● INPUT MATERIAL:
»»

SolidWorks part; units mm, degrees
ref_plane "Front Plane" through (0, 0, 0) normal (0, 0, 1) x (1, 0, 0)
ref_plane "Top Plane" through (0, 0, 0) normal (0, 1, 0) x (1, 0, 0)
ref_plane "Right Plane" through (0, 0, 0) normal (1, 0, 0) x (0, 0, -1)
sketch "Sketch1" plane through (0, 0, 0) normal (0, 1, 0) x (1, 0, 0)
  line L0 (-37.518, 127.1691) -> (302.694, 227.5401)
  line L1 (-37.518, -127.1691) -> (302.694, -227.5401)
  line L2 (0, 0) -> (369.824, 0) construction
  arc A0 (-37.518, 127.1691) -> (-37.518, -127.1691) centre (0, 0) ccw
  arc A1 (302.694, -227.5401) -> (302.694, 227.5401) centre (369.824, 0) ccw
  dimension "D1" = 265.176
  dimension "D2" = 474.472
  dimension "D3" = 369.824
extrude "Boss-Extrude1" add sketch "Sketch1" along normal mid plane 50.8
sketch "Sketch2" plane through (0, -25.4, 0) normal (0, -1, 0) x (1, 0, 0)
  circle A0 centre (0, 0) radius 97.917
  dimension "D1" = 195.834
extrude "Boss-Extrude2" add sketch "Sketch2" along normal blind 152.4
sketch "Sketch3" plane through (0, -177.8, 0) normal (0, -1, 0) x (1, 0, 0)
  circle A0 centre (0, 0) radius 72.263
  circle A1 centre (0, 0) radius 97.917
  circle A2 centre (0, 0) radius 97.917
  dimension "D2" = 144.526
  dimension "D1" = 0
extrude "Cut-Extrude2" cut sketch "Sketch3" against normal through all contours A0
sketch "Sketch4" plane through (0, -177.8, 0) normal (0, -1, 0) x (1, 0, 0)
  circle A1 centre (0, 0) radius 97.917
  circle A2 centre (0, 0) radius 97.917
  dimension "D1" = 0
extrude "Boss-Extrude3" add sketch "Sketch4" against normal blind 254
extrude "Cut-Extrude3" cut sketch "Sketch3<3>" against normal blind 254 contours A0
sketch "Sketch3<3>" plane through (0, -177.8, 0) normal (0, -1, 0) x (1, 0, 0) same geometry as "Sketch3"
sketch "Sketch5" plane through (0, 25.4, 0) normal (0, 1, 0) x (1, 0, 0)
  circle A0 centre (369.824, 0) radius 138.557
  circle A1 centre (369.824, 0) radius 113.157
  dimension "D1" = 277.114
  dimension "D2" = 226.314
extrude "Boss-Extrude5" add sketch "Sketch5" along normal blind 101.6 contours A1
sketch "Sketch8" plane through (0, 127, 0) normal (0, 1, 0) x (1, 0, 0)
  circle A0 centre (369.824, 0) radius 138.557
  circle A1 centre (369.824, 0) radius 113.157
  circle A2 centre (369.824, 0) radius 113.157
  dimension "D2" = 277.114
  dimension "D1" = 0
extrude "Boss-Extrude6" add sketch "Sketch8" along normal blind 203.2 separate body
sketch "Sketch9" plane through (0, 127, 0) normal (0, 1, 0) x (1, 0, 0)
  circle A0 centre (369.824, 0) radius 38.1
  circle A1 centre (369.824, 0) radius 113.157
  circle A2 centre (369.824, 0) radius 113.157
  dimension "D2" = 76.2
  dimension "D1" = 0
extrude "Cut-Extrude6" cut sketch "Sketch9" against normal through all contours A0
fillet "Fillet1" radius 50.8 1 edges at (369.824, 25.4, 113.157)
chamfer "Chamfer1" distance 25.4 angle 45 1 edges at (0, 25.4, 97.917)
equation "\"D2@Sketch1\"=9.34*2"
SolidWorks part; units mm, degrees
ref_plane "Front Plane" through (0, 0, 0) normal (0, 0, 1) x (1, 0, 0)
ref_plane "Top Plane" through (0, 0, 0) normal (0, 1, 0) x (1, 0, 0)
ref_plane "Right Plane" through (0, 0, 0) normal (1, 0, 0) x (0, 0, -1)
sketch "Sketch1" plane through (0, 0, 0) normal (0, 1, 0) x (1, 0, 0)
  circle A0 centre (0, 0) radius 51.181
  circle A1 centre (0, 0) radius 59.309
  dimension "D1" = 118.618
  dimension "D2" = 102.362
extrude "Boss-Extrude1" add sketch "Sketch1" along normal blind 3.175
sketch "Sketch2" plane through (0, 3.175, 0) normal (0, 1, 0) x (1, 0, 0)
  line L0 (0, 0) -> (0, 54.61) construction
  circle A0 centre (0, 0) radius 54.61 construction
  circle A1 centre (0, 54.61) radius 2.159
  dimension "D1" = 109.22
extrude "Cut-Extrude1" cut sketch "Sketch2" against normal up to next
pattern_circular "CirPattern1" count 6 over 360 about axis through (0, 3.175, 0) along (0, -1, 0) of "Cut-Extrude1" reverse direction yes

««

Gather each line in these records that contains the string "edges".

fillet "Fillet1" radius 50.8 1 edges at (369.824, 25.4, 113.157)
chamfer "Chamfer1" distance 25.4 angle 45 1 edges at (0, 25.4, 97.917)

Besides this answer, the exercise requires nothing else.